# Dataset entries
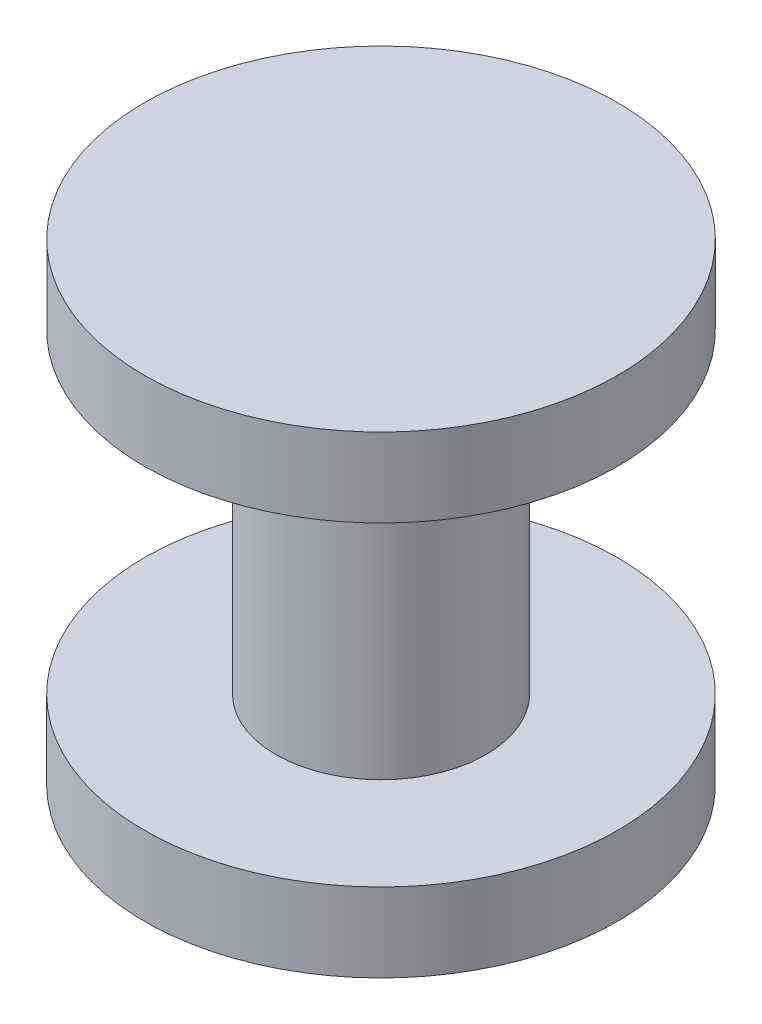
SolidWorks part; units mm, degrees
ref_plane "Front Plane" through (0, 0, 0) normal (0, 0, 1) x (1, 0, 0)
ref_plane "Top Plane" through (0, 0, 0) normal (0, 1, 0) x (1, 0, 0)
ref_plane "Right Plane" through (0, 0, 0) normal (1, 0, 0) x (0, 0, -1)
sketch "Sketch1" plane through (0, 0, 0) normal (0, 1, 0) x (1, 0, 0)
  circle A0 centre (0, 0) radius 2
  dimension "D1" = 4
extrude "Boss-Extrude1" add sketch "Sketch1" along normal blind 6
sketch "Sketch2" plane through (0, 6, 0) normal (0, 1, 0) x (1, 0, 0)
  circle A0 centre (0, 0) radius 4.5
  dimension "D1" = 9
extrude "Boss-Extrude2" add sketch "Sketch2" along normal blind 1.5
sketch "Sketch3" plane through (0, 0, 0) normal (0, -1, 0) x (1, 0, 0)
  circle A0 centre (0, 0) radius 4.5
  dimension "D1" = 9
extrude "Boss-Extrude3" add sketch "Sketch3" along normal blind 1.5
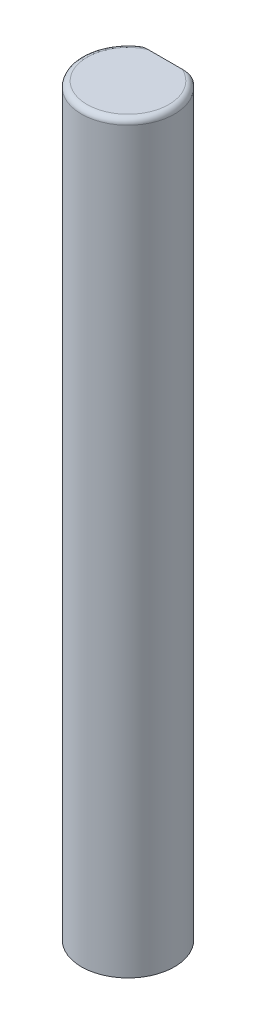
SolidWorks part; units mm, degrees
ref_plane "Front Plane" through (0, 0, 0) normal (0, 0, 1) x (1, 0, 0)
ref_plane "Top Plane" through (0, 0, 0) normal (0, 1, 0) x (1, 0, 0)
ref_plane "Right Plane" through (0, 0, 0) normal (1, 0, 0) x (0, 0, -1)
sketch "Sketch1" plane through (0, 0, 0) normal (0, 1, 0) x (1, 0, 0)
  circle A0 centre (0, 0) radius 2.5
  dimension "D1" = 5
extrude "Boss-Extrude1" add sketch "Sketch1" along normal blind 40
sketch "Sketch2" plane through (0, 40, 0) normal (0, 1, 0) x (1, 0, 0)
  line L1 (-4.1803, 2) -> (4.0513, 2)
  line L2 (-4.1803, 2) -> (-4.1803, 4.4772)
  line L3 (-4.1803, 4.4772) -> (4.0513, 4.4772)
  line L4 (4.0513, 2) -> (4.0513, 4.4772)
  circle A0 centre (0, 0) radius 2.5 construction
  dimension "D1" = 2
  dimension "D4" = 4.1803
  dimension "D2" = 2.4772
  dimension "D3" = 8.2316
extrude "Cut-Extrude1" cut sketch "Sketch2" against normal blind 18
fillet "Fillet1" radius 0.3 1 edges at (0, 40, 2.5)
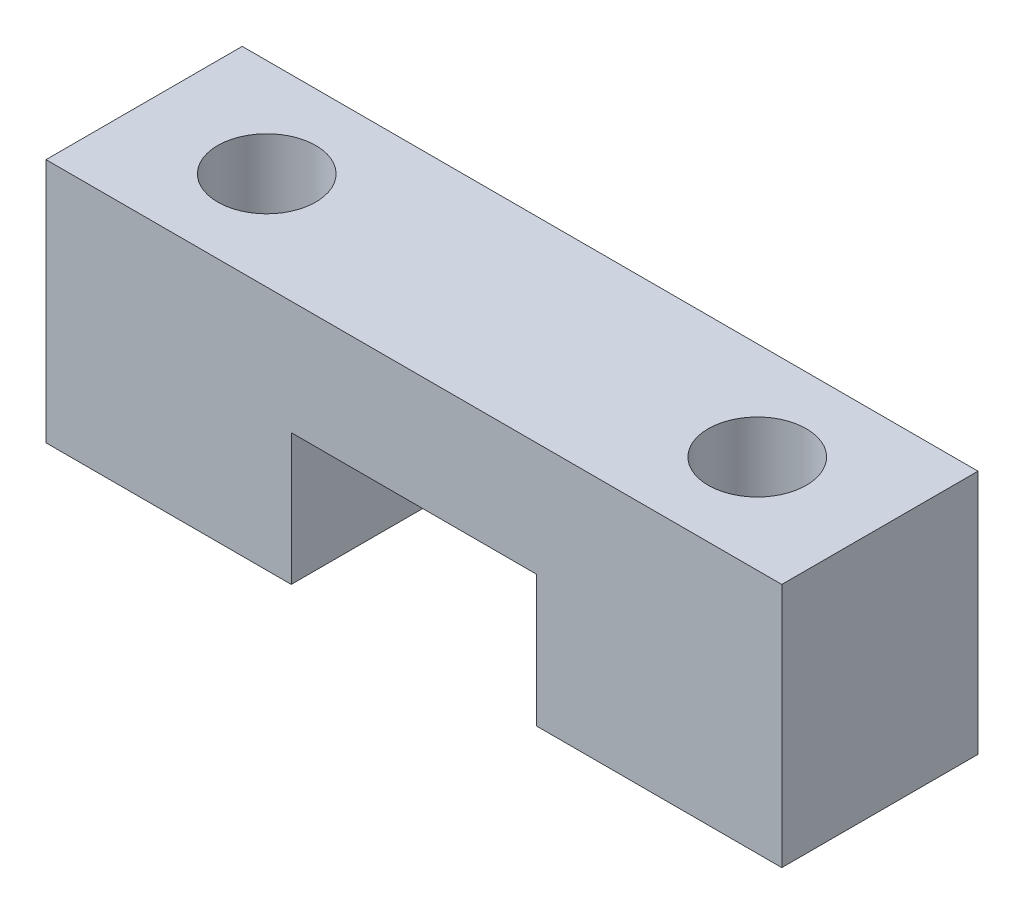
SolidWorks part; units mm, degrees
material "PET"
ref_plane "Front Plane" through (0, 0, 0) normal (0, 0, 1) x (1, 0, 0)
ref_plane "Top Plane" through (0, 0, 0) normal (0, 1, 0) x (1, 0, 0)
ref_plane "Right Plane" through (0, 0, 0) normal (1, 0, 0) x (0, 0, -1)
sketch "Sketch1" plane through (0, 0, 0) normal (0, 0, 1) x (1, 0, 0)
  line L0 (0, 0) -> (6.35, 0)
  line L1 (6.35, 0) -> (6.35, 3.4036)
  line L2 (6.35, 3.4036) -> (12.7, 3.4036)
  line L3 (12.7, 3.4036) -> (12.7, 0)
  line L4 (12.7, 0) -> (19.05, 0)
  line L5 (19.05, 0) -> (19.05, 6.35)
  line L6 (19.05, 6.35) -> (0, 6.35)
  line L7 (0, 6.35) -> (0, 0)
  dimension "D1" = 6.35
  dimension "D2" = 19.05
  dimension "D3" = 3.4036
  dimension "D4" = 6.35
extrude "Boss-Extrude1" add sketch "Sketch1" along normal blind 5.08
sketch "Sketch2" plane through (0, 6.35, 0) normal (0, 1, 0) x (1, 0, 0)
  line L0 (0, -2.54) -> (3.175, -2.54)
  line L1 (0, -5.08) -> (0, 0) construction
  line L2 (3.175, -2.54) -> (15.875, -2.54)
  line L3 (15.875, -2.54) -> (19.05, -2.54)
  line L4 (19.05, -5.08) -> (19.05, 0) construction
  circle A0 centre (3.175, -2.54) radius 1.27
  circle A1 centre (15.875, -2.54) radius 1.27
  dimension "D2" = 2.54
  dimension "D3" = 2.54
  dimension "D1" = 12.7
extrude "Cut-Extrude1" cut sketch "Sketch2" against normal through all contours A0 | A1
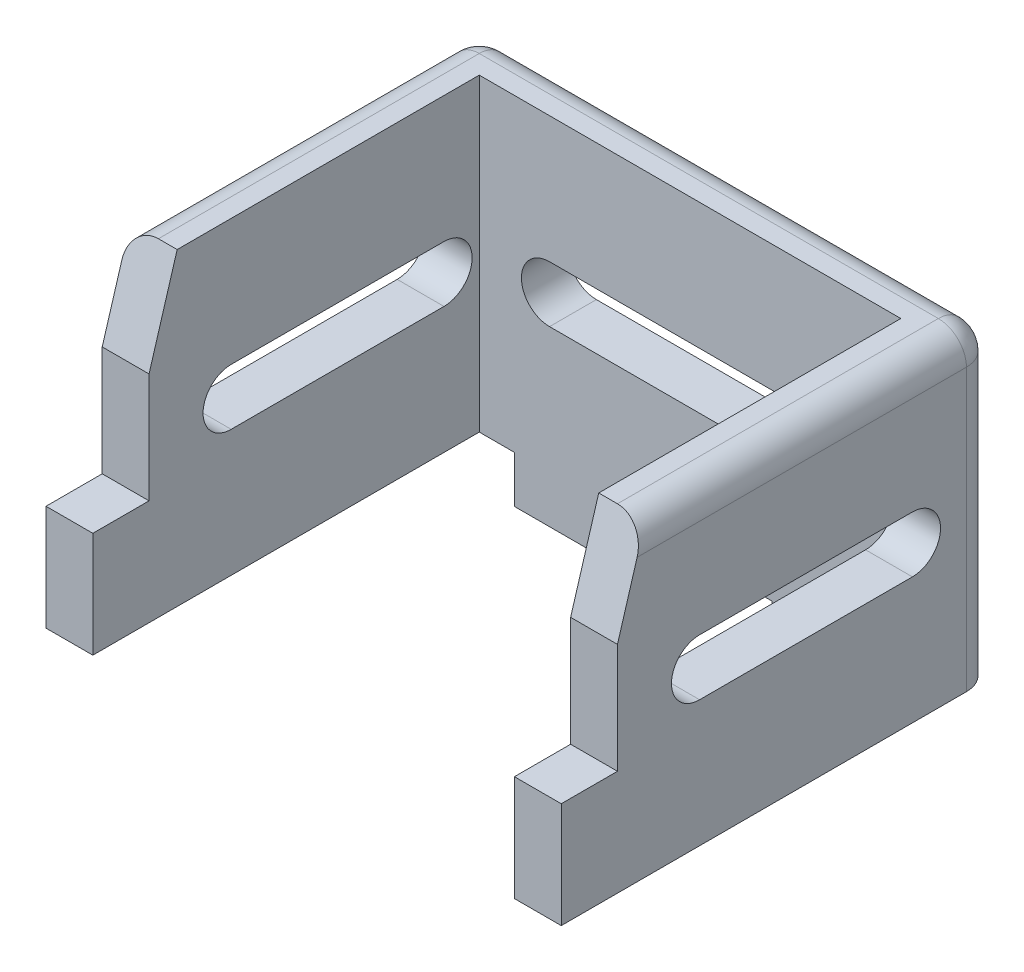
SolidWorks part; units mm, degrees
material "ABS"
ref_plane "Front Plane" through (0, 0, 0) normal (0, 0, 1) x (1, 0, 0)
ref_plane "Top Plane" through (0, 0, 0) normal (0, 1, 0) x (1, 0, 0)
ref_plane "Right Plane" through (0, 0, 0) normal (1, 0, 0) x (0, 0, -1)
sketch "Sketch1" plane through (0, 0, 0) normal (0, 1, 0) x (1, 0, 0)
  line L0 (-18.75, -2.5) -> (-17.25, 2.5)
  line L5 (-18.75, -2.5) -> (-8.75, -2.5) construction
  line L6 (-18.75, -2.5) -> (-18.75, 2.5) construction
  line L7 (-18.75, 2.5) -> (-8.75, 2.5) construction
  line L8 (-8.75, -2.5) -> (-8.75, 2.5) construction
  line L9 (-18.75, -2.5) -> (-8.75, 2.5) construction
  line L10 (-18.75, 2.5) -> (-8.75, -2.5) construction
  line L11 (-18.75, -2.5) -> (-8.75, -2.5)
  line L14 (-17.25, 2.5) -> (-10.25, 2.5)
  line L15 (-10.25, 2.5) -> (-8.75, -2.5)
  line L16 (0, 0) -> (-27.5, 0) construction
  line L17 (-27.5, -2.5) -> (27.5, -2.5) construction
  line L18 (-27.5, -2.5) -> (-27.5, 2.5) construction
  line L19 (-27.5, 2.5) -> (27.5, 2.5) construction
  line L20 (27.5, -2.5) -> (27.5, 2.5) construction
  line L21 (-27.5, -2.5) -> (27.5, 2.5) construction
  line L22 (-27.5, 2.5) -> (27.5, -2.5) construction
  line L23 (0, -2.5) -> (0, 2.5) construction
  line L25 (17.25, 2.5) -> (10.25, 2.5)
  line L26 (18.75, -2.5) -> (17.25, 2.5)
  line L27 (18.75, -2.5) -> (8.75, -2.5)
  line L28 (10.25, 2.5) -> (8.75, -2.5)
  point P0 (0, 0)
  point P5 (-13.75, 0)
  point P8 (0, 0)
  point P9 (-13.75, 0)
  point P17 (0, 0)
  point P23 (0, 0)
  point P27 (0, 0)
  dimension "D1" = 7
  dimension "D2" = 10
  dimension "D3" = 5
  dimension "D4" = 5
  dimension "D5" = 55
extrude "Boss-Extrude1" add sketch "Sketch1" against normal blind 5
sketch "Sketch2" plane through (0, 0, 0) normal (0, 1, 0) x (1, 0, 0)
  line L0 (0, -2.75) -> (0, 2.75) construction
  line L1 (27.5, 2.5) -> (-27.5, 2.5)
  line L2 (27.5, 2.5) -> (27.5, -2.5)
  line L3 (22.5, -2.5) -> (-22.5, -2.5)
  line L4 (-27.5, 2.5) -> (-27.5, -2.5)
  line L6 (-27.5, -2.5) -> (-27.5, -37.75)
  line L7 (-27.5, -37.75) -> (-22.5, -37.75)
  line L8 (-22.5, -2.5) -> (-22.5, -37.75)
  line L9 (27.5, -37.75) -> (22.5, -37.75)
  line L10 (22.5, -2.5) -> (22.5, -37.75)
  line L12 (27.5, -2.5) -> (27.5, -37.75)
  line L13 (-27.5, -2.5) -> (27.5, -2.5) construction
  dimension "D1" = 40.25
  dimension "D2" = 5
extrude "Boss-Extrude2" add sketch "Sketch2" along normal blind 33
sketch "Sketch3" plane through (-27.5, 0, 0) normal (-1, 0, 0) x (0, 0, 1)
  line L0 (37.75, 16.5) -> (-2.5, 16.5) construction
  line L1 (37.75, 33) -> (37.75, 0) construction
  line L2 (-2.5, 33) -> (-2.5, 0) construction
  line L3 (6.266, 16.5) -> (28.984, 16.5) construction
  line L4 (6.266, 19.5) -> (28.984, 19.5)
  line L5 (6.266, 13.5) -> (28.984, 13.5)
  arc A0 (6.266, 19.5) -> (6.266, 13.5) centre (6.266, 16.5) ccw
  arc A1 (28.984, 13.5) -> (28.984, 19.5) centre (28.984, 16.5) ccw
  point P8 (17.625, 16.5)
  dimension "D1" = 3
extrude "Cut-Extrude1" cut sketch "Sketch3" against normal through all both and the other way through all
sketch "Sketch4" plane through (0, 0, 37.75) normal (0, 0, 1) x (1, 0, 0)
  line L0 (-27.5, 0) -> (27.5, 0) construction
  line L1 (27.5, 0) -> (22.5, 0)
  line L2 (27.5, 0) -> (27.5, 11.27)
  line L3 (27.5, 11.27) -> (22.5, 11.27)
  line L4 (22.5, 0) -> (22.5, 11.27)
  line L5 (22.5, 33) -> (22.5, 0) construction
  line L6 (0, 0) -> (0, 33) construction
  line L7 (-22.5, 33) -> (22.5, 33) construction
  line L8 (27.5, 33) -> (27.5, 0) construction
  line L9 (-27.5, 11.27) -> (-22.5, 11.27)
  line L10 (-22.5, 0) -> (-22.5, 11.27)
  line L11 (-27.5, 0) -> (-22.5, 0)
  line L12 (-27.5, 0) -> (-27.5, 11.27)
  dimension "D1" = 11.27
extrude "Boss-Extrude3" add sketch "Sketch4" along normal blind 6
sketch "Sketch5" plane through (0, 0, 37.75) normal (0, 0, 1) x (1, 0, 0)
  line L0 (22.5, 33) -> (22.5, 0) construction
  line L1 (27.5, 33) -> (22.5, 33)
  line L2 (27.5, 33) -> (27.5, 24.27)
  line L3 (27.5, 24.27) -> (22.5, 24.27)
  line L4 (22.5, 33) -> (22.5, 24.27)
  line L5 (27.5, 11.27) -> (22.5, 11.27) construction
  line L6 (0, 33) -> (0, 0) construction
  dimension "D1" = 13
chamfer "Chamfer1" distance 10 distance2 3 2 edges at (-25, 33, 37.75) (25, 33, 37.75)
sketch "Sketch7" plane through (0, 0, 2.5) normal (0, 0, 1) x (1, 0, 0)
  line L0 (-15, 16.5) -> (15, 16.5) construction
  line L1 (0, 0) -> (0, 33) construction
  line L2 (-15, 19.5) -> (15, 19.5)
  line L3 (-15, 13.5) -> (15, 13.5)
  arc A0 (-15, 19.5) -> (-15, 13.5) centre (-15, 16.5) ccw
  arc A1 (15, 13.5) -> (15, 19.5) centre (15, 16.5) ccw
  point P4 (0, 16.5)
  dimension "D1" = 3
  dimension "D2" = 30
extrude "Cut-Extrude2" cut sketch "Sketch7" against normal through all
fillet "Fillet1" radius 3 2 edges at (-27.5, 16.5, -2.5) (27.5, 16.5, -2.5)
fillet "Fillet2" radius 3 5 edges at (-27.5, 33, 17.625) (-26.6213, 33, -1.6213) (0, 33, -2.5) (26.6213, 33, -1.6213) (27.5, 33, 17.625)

# What to do
Output exactly, and only, the lines of the entries above from the one with "line L2 (6.35, 3.4036) -> (12.7, 3.4036)" up to and including the one with "line L18 (-27.5, -2.5)"; pictures are to be left out.

# Output for this exercise
  line L2 (6.35, 3.4036) -> (12.7, 3.4036)
  line L3 (12.7, 3.4036) -> (12.7, 0)
  line L4 (12.7, 0) -> (19.05, 0)
  line L5 (19.05, 0) -> (19.05, 6.35)
  line L6 (19.05, 6.35) -> (0, 6.35)
  line L7 (0, 6.35) -> (0, 0)
  dimension "D1" = 6.35
  dimension "D2" = 19.05
  dimension "D3" = 3.4036
  dimension "D4" = 6.35
extrude "Boss-Extrude1" add sketch "Sketch1" along normal blind 5.08
sketch "Sketch2" plane through (0, 6.35, 0) normal (0, 1, 0) x (1, 0, 0)
  line L0 (0, -2.54) -> (3.175, -2.54)
  line L1 (0, -5.08) -> (0, 0) construction
  line L2 (3.175, -2.54) -> (15.875, -2.54)
  line L3 (15.875, -2.54) -> (19.05, -2.54)
  line L4 (19.05, -5.08) -> (19.05, 0) construction
  circle A0 centre (3.175, -2.54) radius 1.27
  circle A1 centre (15.875, -2.54) radius 1.27
  dimension "D2" = 2.54
  dimension "D3" = 2.54
  dimension "D1" = 12.7
extrude "Cut-Extrude1" cut sketch "Sketch2" against normal through all contours A0 | A1
SolidWorks part; units mm, degrees
material "ABS"
ref_plane "Front Plane" through (0, 0, 0) normal (0, 0, 1) x (1, 0, 0)
ref_plane "Top Plane" through (0, 0, 0) normal (0, 1, 0) x (1, 0, 0)
ref_plane "Right Plane" through (0, 0, 0) normal (1, 0, 0) x (0, 0, -1)
sketch "Sketch1" plane through (0, 0, 0) normal (0, 1, 0) x (1, 0, 0)
  line L0 (-18.75, -2.5) -> (-17.25, 2.5)
  line L5 (-18.75, -2.5) -> (-8.75, -2.5) construction
  line L6 (-18.75, -2.5) -> (-18.75, 2.5) construction
  line L7 (-18.75, 2.5) -> (-8.75, 2.5) construction
  line L8 (-8.75, -2.5) -> (-8.75, 2.5) construction
  line L9 (-18.75, -2.5) -> (-8.75, 2.5) construction
  line L10 (-18.75, 2.5) -> (-8.75, -2.5) construction
  line L11 (-18.75, -2.5) -> (-8.75, -2.5)
  line L14 (-17.25, 2.5) -> (-10.25, 2.5)
  line L15 (-10.25, 2.5) -> (-8.75, -2.5)
  line L16 (0, 0) -> (-27.5, 0) construction
  line L17 (-27.5, -2.5) -> (27.5, -2.5) construction
  line L18 (-27.5, -2.5) -> (-27.5, 2.5) construction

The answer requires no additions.